[Start of Attachment]
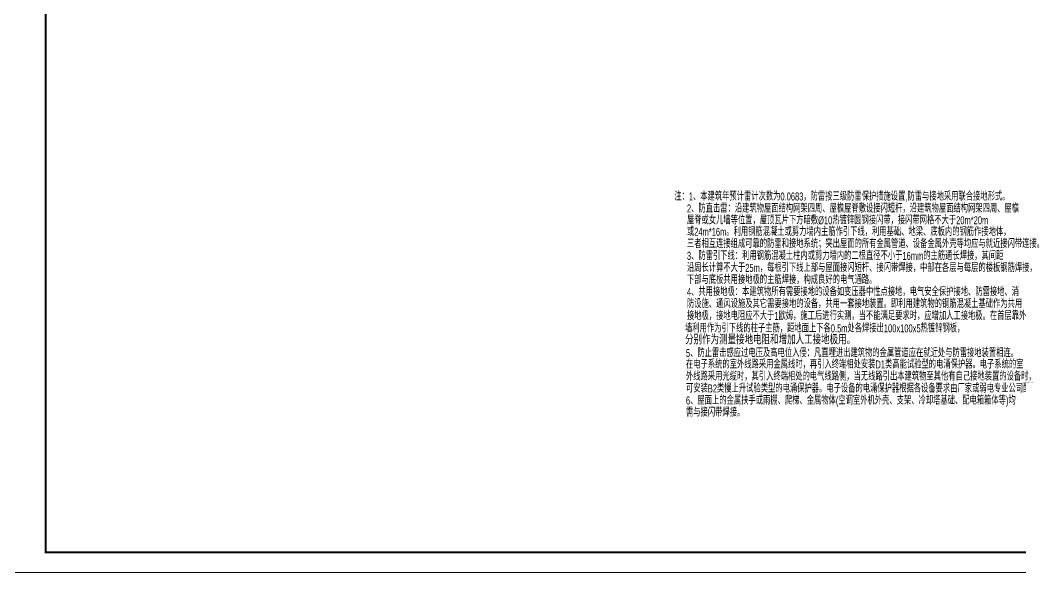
# Model space of a CAD drawing. Extents: x 2803505 to 5851001, y -1372902 to 24339.
# Drawn here: x 3715736 to 3765689, y -749129 to -721047 of the extents above; entities that cross this region are included whole.
import ezdxf
from ezdxf.xclip import XClip

# ---------------------------------------------------------------- set-up
doc = ezdxf.new("R2010")
doc.units = 0
doc.header["$LTSCALE"] = 1000
doc.header["$MEASUREMENT"] = 0
doc.header["$XCLIPFRAME"] = 2
doc.linetypes.add('DOTE', pattern=[2.42, 2, -0.2, 0.02, -0.2])
doc.layers.get('0').update_dxf_attribs({"linetype": 'CONTINUOUS'})
doc.layers.add('DIM-照明', color=7, linetype='CONTINUOUS')
doc.layers.add('DOTE', color=19, linetype='DOTE', lineweight=9)
doc.layers.add('图框', color=147, linetype='CONTINUOUS', lineweight=20)
doc.styles.add('zjdz', font='zjdz-s.shx', dxfattribs={"width": 0.7, "bigfont": 'zjdz.shx'})

# ---------------------------------------------------------------- blocks, each defined once
blk = doc.blocks.new('A$C74D73064')
at = {"layer": 'DOTE', "color": 252}
blk.add_line((196116, 54519), (-86385, 54519), dxfattribs=at)

msp = doc.modelspace()

# ---------------------------------------------------------------- linework, layer by layer
at = {"layer": '图框'}
for points in [[(3714511.1, -689253.6), (3798611.1, -689253.6), (3798611.1, -748653.6), (3714511.1, -748653.6)], [(3714511.1, -748653.6), (3798611.1, -748653.6), (3798611.1, -808053.6), (3714511.1, -808053.6)]]:
    msp.add_lwpolyline(points, close=True, dxfattribs=at)
at = {"layer": '图框', "const_width": 100}
msp.add_lwpolyline([(3797611.1, -747653.6), (3797611.1, -690253.6), (3717011.1, -690253.6), (3717011.1, -747653.6)], close=True, dxfattribs=at)

# ---------------------------------------------------------------- block references
at = {"color": 252}
ref = msp.add_blockref('A$C74D73064', (3714796.2, -781511.3), dxfattribs=at)
XClip(ref).set_block_clipping_path([(-72082.5976296387, 50822.2577331646), (-18082.6107620973, 70322.2577319878)])

# ---------------------------------------------------------------- texts
at = {"layer": 'DIM-照明', "color": 7, "linetype": 'Continuous', "style": 'zjdz', "width": 0.7}
for s, height, p in [('注：1、本建筑年预计雷计次数为0.0683，防雷按三级防雷保护措施设置,防雷与接地采用联合接地形式。', 400, (3748417.8, -730065.2)), ('2、防直击雷：沿建筑物屋面结构网架四周、屋檐屋脊敷设接闪短杆，沿建筑物屋面结构网架四周、屋檐', 400, (3749051.4, -730665.6)), ('屋脊或女儿墙等位置，屋顶瓦片下方暗敷%%C10热镀锌圆钢接闪带，接闪带网格不大于20m*20m', 400, (3749051.4, -731254.9)), ('或24m*16m。利用钢筋混凝土或剪力墙内主筋作引下线，利用基础、地梁、底板内的钢筋作接地体，', 400, (3749051.4, -731830.8)), ('三者相互连接组成可靠的防雷和接地系统；突出屋面的所有金属管道、设备金属外壳等均应与就近接闪带连接。', 400, (3749051.4, -732431.2)), ('3、防雷引下线：利用钢筋混凝土柱内或剪力墙内的二根直径不小于16mm的主筋通长焊接，其间距', 400, (3749051.4, -733031.6)), ('沿周长计算不大于25m，每根引下线上部与屋面接闪短杆、接闪带焊接，中部在各层与每层的楼板钢筋焊接，', 400, (3749051.4, -733631.9)), ('下部与底板共用接地极的主筋焊接，构成良好的电气通路。', 400, (3749051.4, -734232.3)), ('4、共用接地极：本建筑物所有需要接地的设备如变压器中性点接地，电气安全保护接地、防雷接地、消', 400, (3749051.4, -734832.6)), ('防设施、通风设施及其它需要接地的设备，共用一套接地装置。即利用建筑物的钢筋混凝土基础作为共用', 400, (3749051.4, -735433)), ('接地极，接地电阻应不大于1欧姆，施工后进行实测，当不能满足要求时，应增加人工接地极。在首层靠外', 400, (3749051.4, -736033.4)), ('墙利用作为引下线的柱子主筋，距地面上下各0.5m处各焊接出100x100x5热镀锌钢板，', 400, (3748958.1, -736653.6)), ('分别作为测量接地电阻和增加人工接地极用。', 466.667, (3748958.1, -737254)), ('5、防止雷击感应过电压及高电位入侵：凡直埋进出建筑物的金属管道应在就近处与防雷接地装置相连。', 400, (3749001.3, -737886.3)), ('在电子系统的室外线路采用金属线时，再引入终端相处安装D1类高能试验型的电涌保护器。电子系统的室', 400, (3749003, -738457.5)), ('外线路采用光缆时，其引入终端相处的电气线路侧，当无线路引出本建筑物至其他有自己接地装置的设备时，', 400, (3749003, -739057.8)), ('可安装B2类慢上升试验类型的电涌保护器。电子设备的电涌保护器根据各设备要求由厂家或弱电专业公司配置。', 400, (3749003, -739658.2)), ('6、屋面上的金属扶手或雨棚、爬梯、金属物体(空调室外机外壳、支架、冷却塔基础、配电箱箱体等)均', 400, (3749003, -740258.6)), ('需与接闪带焊接。', 400, (3749003, -740858.9))]:
    msp.add_text(s, height=height, dxfattribs=at).set_placement(p)

doc.saveas('drawing.dxf')
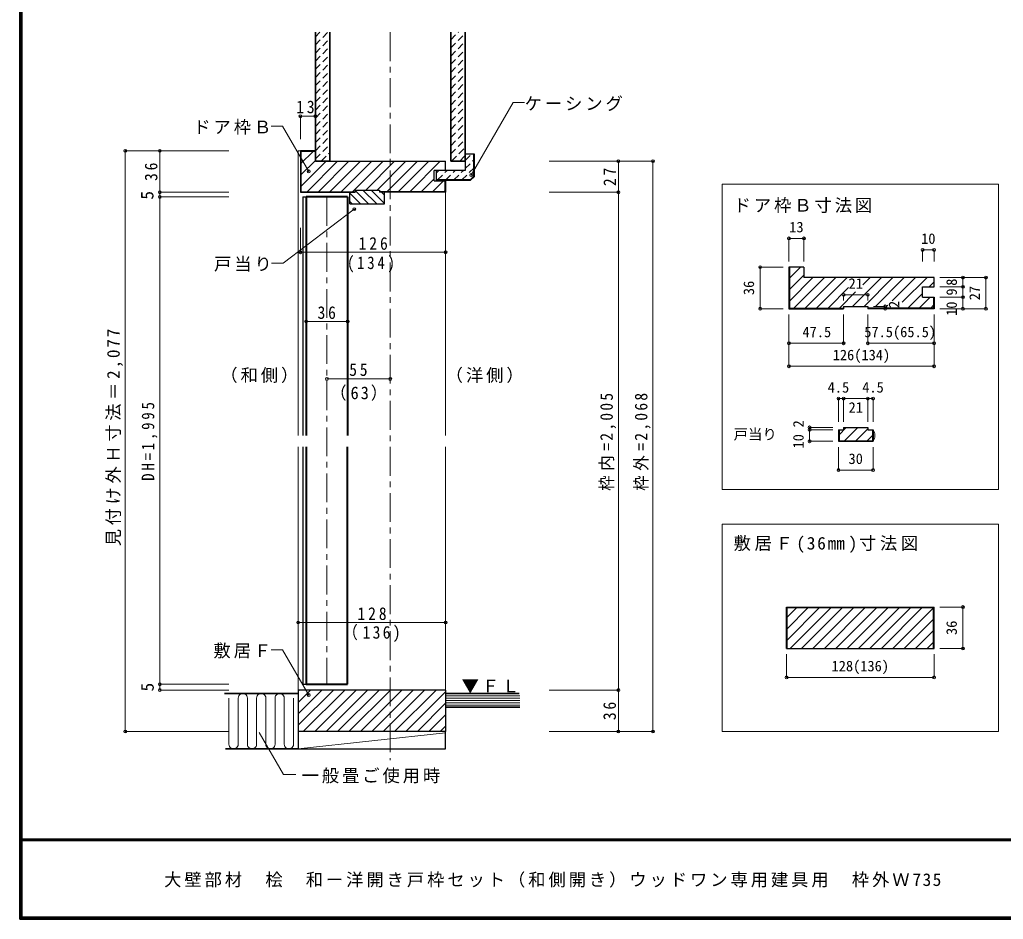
# Model space of a CAD drawing. Units: millimetres at full size, sheet at 1:5. Extents: x -981 to 969, y -733 to 681.
# Drawn here: x -981 to -128, y -716 to 65 of the extents above; entities that cross this region are included whole.
import ezdxf
from ezdxf.enums import TextEntityAlignment as Align

# ---------------------------------------------------------------- set-up
doc = ezdxf.new("R2010")
doc.units = ezdxf.units.MM
doc.header["$LTSCALE"] = 5
doc.header["$PDMODE"] = 32
doc.header["$PDSIZE"] = 2.5
doc.linetypes.add('CHAIN1', pattern=[8, 5, -1, 1, -1])
doc.linetypes.add('DASHED1', pattern=[1.8, 1.2, -0.6])
for name, color, linetype, lineweight in [('0-1_通り芯', 4, 'CHAIN1', 9), ('0-3_仕上げ', 7, 'Continuous', 18), ('0-4_枠', 3, 'Continuous', 25), ('0-5_ケーシング', 3, 'Continuous', 25), ('0-6_扉', 6, 'Continuous', 40), ('0-A_文字', 7, 'Continuous', 18), ('0-B_寸法', 7, 'Continuous', 9), ('0-C_ハッチ', 4, 'Continuous', 9), ('F-0_補助線', 6, 'Continuous', 40), ('F-1_枠', 6, 'Continuous', 40)]:
    doc.layers.add(name, color=color, linetype=linetype, lineweight=lineweight)
doc.layers.add('F-A_文字', color=7, linetype='Continuous')
doc.styles.add('ＭＳ ゴシック', font='')
doc.styles.get('ＭＳ ゴシック').set_extended_font_data('MS Gothic')

msp = doc.modelspace()

# ---------------------------------------------------------------- linework, layer by layer
at = {"layer": '0-1_通り芯'}
for p, q in [((-659.697, 54.039), (-659.697, -577.846)), ((-714.697, -88.919), (-714.697, -511.919))]:
    msp.add_line(p, q, dxfattribs=at)
at = {"layer": '0-3_仕上げ', "color": 2, "lineweight": 35}
for p, q in [((-724.697, 54.039), (-724.697, -57.919)), ((-712.197, 54.039), (-712.197, -57.919)), ((-607.197, 54.039), (-607.197, -57.919)), ((-594.697, 54.039), (-594.697, -57.919)), ((-724.697, 26.103), (-724.697, -57.919)), ((-712.197, 26.103), (-712.197, -57.919)), ((-712.197, -57.919), (-724.697, -57.919)), ((-594.697, -57.919), (-607.197, -57.919)), ((-739.697, -519.919), (-803.615, -519.919)), ((-740.697, -519.919), (-797.507, -519.919)), ((-611.697, -519.919), (-547.791, -519.919)), ((-611.697, -531.919), (-547.27, -531.919)), ((-739.697, -567.919), (-802.588, -567.919))]:
    msp.add_line(p, q, dxfattribs=at)
at = {"layer": '0-3_仕上げ'}
for p, q in [((-799.708, -523.919), (-799.708, -563.919)), ((-791.708, -564.029), (-791.708, -523.919)), ((-783.708, -523.919), (-783.708, -563.919)), ((-775.708, -564.029), (-775.708, -523.919)), ((-767.708, -523.919), (-767.708, -563.919)), ((-759.708, -564.029), (-759.708, -523.919)), ((-751.708, -523.919), (-751.708, -563.919)), ((-743.708, -523.919), (-743.708, -563.919)), ((-611.697, -521.919), (-547.27, -521.919)), ((-611.697, -523.919), (-547.27, -523.919)), ((-611.697, -525.919), (-547.27, -525.919)), ((-611.697, -527.919), (-547.27, -527.919)), ((-611.697, -529.919), (-547.27, -529.919)), ((-739.697, -567.919), (-611.697, -554.009))]:
    msp.add_line(p, q, dxfattribs=at)
at = {"layer": '0-3_仕上げ', "color": 3, "lineweight": 25}
msp.add_lwpolyline([(-611.697, -552.919), (-739.697, -552.919), (-739.697, -567.919), (-611.697, -567.919)], close=True, dxfattribs=at)
at = {"layer": '0-3_仕上げ'}
for centre, start, end in [((-787.708, -523.895), 359.65318, 180.3468), ((-771.708, -523.895), 359.65318, 180.3468), ((-755.708, -523.895), 359.65318, 180.3468), ((-795.708, -563.975), 179.20062, 0.79936), ((-779.708, -563.975), 179.20062, 0.79936), ((-763.708, -563.975), 179.20062, 0.79936), ((-747.708, -563.975), 179.20062, 0.79936)]:
    msp.add_arc(centre, 4, start, end, dxfattribs=at)
at = {"layer": '0-4_枠', "color": 4, "lineweight": 9}
for p, q in [((-739.697, -48.919), (-739.697, -295.919)), ((-739.697, -48.919), (-737.697, -48.919)), ((-611.697, -295.919), (-611.697, -84.919)), ((-739.697, -305.919), (-739.697, -516.919)), ((-611.697, -305.919), (-611.697, -516.919))]:
    msp.add_line(p, q, dxfattribs=at)
at = {"layer": '0-4_枠'}
for p, q in [((-724.697, -48.919), (-724.697, -57.919)), ((-724.697, -57.919), (-611.697, -57.919)), ((-611.697, -65.919), (-611.697, -57.919)), ((-621.697, -74.919), (-621.697, -65.919)), ((-611.697, -65.919), (-621.697, -65.919)), ((-621.697, -74.919), (-611.697, -74.919)), ((-612.197, -84.419), (-612.197, -74.919)), ((-611.697, -74.919), (-611.697, -84.919)), ((-737.197, -84.419), (-690.197, -84.419)), ((-694.697, -94.919), (-694.697, -84.919)), ((-690.197, -82.919), (-669.197, -82.919)), ((-690.197, -82.919), (-690.197, -84.919)), ((-669.197, -82.919), (-669.197, -84.919)), ((-612.197, -84.419), (-669.197, -84.419)), ((-664.697, -94.919), (-664.697, -84.919)), ((-694.697, -94.919), (-664.697, -94.919)), ((-313.197, -149.919), (-313.197, -185.419)), ((-300.697, -149.919), (-300.697, -151.508)), ((-300.697, -151.508), (-300.697, -158.919)), ((-187.697, -166.919), (-187.697, -158.919)), ((-197.697, -166.919), (-187.697, -166.919)), ((-197.697, -175.919), (-197.697, -166.919)), ((-197.697, -175.919), (-187.697, -175.919)), ((-188.197, -175.919), (-188.197, -185.419)), ((-187.697, -175.919), (-187.697, -185.919)), ((-313.697, -185.919), (-266.197, -185.919)), ((-313.197, -185.419), (-266.197, -185.419)), ((-266.197, -183.919), (-245.197, -183.919)), ((-266.197, -183.919), (-266.197, -185.919)), ((-245.197, -183.919), (-245.197, -185.919)), ((-188.197, -185.419), (-245.197, -185.419)), ((-187.697, -185.919), (-245.197, -185.919)), ((-266.197, -289), (-245.197, -289)), ((-266.197, -289), (-266.197, -291)), ((-245.197, -289), (-245.197, -291)), ((-270.697, -291), (-266.197, -291)), ((-270.697, -291), (-270.697, -301)), ((-270.197, -291), (-270.197, -300.5)), ((-245.197, -291), (-240.697, -291)), ((-241.197, -291), (-241.197, -300.5)), ((-240.697, -291), (-240.697, -301)), ((-270.697, -301), (-240.697, -301)), ((-270.197, -300.5), (-241.197, -300.5)), ((-315.697, -480.919), (-315.697, -444.919)), ((-315.697, -444.919), (-187.697, -444.919)), ((-315.197, -480.919), (-315.197, -445.419)), ((-315.197, -445.419), (-188.197, -445.419)), ((-188.197, -480.919), (-188.197, -445.419)), ((-187.697, -480.919), (-187.697, -444.919)), ((-315.697, -480.919), (-187.697, -480.919)), ((-739.697, -516.919), (-739.697, -552.919)), ((-611.697, -516.919), (-739.697, -516.919)), ((-611.697, -516.919), (-611.697, -552.919)), ((-611.697, -552.919), (-739.697, -552.919))]:
    msp.add_line(p, q, dxfattribs=at)
for points in [[(-724.697, -48.919), (-737.697, -48.919), (-737.697, -84.919)], [(-724.697, -49.419), (-737.197, -49.419), (-737.197, -84.419)], [(-737.697, -84.919), (-694.697, -84.919), (-690.197, -84.919)], [(-611.697, -84.919), (-664.697, -84.919), (-669.197, -84.919)], [(-300.697, -149.919), (-313.697, -149.919), (-313.697, -185.919)], [(-187.697, -158.919), (-243.133, -158.919), (-300.697, -158.919)]]:
    msp.add_lwpolyline(points, dxfattribs=at)
at = {"layer": '0-4_枠', "color": 7, "lineweight": 18}
msp.add_arc((-247.269, -296), 8.258, 322.73761, 37.26239, dxfattribs=at)
at = {"layer": '0-5_ケーシング'}
for p, q in [((-586.697, -51.719), (-594.697, -51.719)), ((-594.697, -51.719), (-594.697, -65.919)), ((-587.197, -70.976), (-587.197, -51.719)), ((-586.697, -71.184), (-586.697, -51.719)), ((-594.697, -65.919), (-619.697, -65.919)), ((-590.439, -74.219), (-619.697, -74.219)), ((-587.197, -70.976), (-590.439, -74.219)), ((-586.697, -71.184), (-590.232, -74.719))]:
    msp.add_line(p, q, dxfattribs=at)
msp.add_lwpolyline([(-590.232, -74.719), (-619.697, -74.719), (-619.697, -65.919)], dxfattribs=at)
at = {"layer": '0-6_扉', "color": 3, "lineweight": 25}
for p, q in [((-735.697, -88.919), (-735.697, -295.919)), ((-735.697, -88.919), (-732.697, -88.919)), ((-735.697, -305.919), (-735.697, -511.919)), ((-735.697, -511.919), (-732.697, -511.919))]:
    msp.add_line(p, q, dxfattribs=at)
at = {"layer": '0-6_扉'}
for p, q in [((-696.697, -88.919), (-732.697, -88.919)), ((-732.697, -88.919), (-732.697, -295.919)), ((-696.697, -88.919), (-696.697, -295.919)), ((-732.697, -305.919), (-732.697, -511.919)), ((-696.697, -511.919), (-696.697, -305.919)), ((-732.697, -511.919), (-696.697, -511.919))]:
    msp.add_line(p, q, dxfattribs=at)
at = {"layer": '0-A_文字'}
for p, q in [((-589.461, -69.934), (-553.076, -6.913)), ((-553.076, -6.913), (-543.076, -6.913)), ((-753.171, -27.437), (-763.171, -27.437)), ((-730.477, -66.746), (-753.171, -27.437)), ((-690.951, -99.592), (-752.671, -146.313)), ((-752.671, -146.313), (-762.671, -146.313)), ((-371.697, -342.919), (-131.697, -342.919)), ((-371.697, -552.919), (-371.697, -372.919)), ((-753.171, -481.979), (-763.171, -481.979)), ((-730.477, -521.287), (-753.171, -481.979)), ((-773.51, -553.712), (-752.457, -590.177)), ((-131.697, -552.919), (-371.697, -552.919)), ((-752.457, -590.177), (-741.797, -590.177))]:
    msp.add_line(p, q, dxfattribs=at)
for points in [[(-131.697, -342.919), (-131.697, -77.919), (-371.697, -77.919), (-371.697, -342.919)], [(-371.697, -372.919), (-131.697, -372.919), (-131.697, -552.919)]]:
    msp.add_lwpolyline(points, dxfattribs=at)
for p in [(-730.477, -66.746), (-589.461, -69.934), (-690.951, -99.592), (-730.477, -521.287)]:
    msp.add_point(p, dxfattribs=at)
at = {"layer": '0-B_寸法', "color": 4}
for p, q in [((-724.697, -18.919), (-737.697, -18.919)), ((-737.697, -18.919), (-737.697, -38.919)), ((-724.697, -18.919), (-724.697, -38.919)), ((-799.697, -48.919), (-889.697, -48.919)), ((-889.697, -48.919), (-889.697, -552.919)), ((-859.697, -48.919), (-859.697, -516.919)), ((-521.697, -57.919), (-431.697, -57.919)), ((-461.697, -57.919), (-461.697, -552.919)), ((-431.697, -531.919), (-431.697, -57.919)), ((-799.697, -84.919), (-859.697, -84.919)), ((-664.697, -87.514), (-667.292, -84.919)), ((-521.697, -84.919), (-461.697, -84.919)), ((-799.697, -88.919), (-859.697, -88.919)), ((-737.697, -115.809), (-737.697, -136.96)), ((-611.697, -115.809), (-611.697, -136.96)), ((-313.697, -124.919), (-300.697, -124.919)), ((-313.697, -124.919), (-313.697, -144.919)), ((-300.697, -124.919), (-300.697, -144.919)), ((-197.697, -134.919), (-187.697, -134.919)), ((-197.697, -134.919), (-197.697, -144.919)), ((-187.697, -134.919), (-187.697, -144.919)), ((-737.697, -136.96), (-611.697, -136.96)), ((-338.697, -149.919), (-338.697, -185.919)), ((-338.697, -149.919), (-318.697, -149.919)), ((-162.697, -158.919), (-182.697, -158.919)), ((-162.697, -158.919), (-162.697, -166.919)), ((-142.697, -158.919), (-162.697, -158.919)), ((-142.697, -158.919), (-142.697, -185.919)), ((-162.697, -166.919), (-182.697, -166.919)), ((-162.697, -166.919), (-162.697, -175.919)), ((-266.197, -173.919), (-245.197, -173.919)), ((-266.197, -173.919), (-266.197, -178.919)), ((-245.197, -173.919), (-245.197, -178.919)), ((-162.697, -175.919), (-182.697, -175.919)), ((-162.697, -175.919), (-162.697, -185.919)), ((-338.697, -185.919), (-318.697, -185.919)), ((-230.197, -183.919), (-240.197, -183.919)), ((-230.197, -185.919), (-240.197, -185.919)), ((-230.197, -183.919), (-230.197, -185.919)), ((-162.697, -185.919), (-182.697, -185.919)), ((-142.697, -185.919), (-162.697, -185.919)), ((-313.697, -235.919), (-313.697, -190.919)), ((-266.197, -215.919), (-266.197, -190.919)), ((-245.197, -215.919), (-245.197, -190.919)), ((-187.697, -235.919), (-187.697, -190.919)), ((-696.697, -196.96), (-732.697, -196.96)), ((-313.697, -215.919), (-266.197, -215.919)), ((-245.197, -215.919), (-187.697, -215.919)), ((-313.697, -235.919), (-187.697, -235.919)), ((-714.697, -246.96), (-659.697, -246.96)), ((-270.697, -264), (-266.197, -264)), ((-270.697, -264), (-270.697, -284)), ((-266.197, -264), (-266.197, -284)), ((-266.197, -264), (-245.197, -264)), ((-245.197, -264), (-245.197, -284)), ((-245.197, -264), (-240.697, -264)), ((-240.697, -264), (-240.697, -284)), ((-295.697, -289), (-295.697, -291)), ((-295.697, -289), (-275.697, -289)), ((-295.697, -291), (-275.697, -291)), ((-295.697, -291), (-295.697, -301)), ((-295.697, -301), (-275.697, -301)), ((-270.697, -326), (-270.697, -306)), ((-240.697, -326), (-240.697, -306)), ((-270.697, -326), (-240.697, -326)), ((-739.697, -458.26), (-739.697, -434.74)), ((-611.697, -458.26), (-611.697, -434.74)), ((-162.697, -444.919), (-182.697, -444.919)), ((-162.697, -444.919), (-162.697, -480.919)), ((-739.697, -458.26), (-611.697, -458.26)), ((-315.697, -505.919), (-315.697, -485.919)), ((-187.697, -505.919), (-187.697, -485.919)), ((-162.697, -480.919), (-182.697, -480.919)), ((-799.697, -511.919), (-859.697, -511.919)), ((-315.697, -505.919), (-187.697, -505.919)), ((-799.697, -516.919), (-859.697, -516.919)), ((-521.697, -516.919), (-461.697, -516.919)), ((-431.697, -531.919), (-431.697, -552.919)), ((-799.697, -552.919), (-889.697, -552.919)), ((-521.697, -552.919), (-431.697, -552.919))]:
    msp.add_line(p, q, dxfattribs=at)
at = {"layer": '0-B_寸法'}
for p in [(-737.697, -18.919), (-724.697, -18.919), (-889.697, -48.919), (-859.697, -48.919), (-461.697, -57.919), (-431.697, -57.919), (-859.697, -84.919), (-461.697, -84.919), (-859.697, -88.919), (-313.697, -124.919), (-300.697, -124.919), (-737.697, -136.96), (-611.697, -136.96), (-197.697, -134.919), (-187.697, -134.919), (-338.697, -149.919), (-162.697, -158.919), (-142.697, -158.919), (-162.697, -166.919), (-266.197, -173.919), (-245.197, -173.919), (-162.697, -175.919), (-338.697, -185.919), (-230.197, -183.919), (-230.197, -185.919), (-162.697, -185.919), (-142.697, -185.919), (-732.697, -196.96), (-696.697, -196.96), (-313.697, -215.919), (-266.197, -215.919), (-245.197, -215.919), (-187.697, -215.919), (-313.697, -235.919), (-187.697, -235.919), (-714.697, -246.96), (-659.697, -246.96), (-270.697, -264), (-266.197, -264), (-245.197, -264), (-240.697, -264), (-295.697, -289), (-295.697, -291), (-295.697, -301), (-270.697, -326), (-240.697, -326), (-162.697, -444.919), (-739.697, -458.26), (-611.697, -458.26), (-162.697, -480.919), (-859.697, -511.919), (-315.697, -505.919), (-187.697, -505.919), (-859.697, -516.919), (-461.697, -516.919), (-889.697, -552.919), (-461.697, -552.919), (-431.697, -552.919), (-431.697, -552.919)]:
    msp.add_point(p, dxfattribs=at)
at = {"layer": '0-C_ハッチ', "linetype": 'DASHED1'}
for p, q in [((-724.697, 43.05), (-713.707, 54.039)), ((-724.697, 50.121), (-720.778, 54.039)), ((-607.197, 47.412), (-600.57, 54.039)), ((-607.197, 40.341), (-594.697, 52.841)), ((-724.697, 35.979), (-712.197, 48.478)), ((-607.197, 33.27), (-594.697, 45.77)), ((-724.697, 28.908), (-712.197, 41.407)), ((-724.697, 21.836), (-712.197, 34.336)), ((-607.197, 26.199), (-594.697, 38.699)), ((-724.697, 14.765), (-712.197, 27.265)), ((-607.197, 19.128), (-594.697, 31.628)), ((-724.697, 7.694), (-712.197, 20.194)), ((-607.197, 12.057), (-594.697, 24.557)), ((-607.197, 4.986), (-594.697, 17.486)), ((-724.697, 0.623), (-712.197, 13.123)), ((-607.197, -2.085), (-594.697, 10.415)), ((-724.697, -6.448), (-712.197, 6.052)), ((-607.197, -9.156), (-594.697, 3.344)), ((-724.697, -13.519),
[End of Attachment]
Problem to work on ->
Give again the stretch of the entries above that begins at the line with "msp.add_text(s, height=height, dxfattribs=at).set_placement(p)" and ends at the line with "from ezdxf.enums import", word for word, with no pictures.

Reply to the task ->
    msp.add_text(s, height=height, dxfattribs=at).set_placement(p)

doc.saveas('drawing.dxf')
# Model space of a CAD drawing. Units: millimetres at full size, sheet at 1:5. Extents: x -981 to 969, y -733 to 681.
# Drawn here: x -981 to -128, y -716 to 65 of the extents above; entities that cross this region are included whole.
import ezdxf
from ezdxf.enums import TextEntityAlignment as Align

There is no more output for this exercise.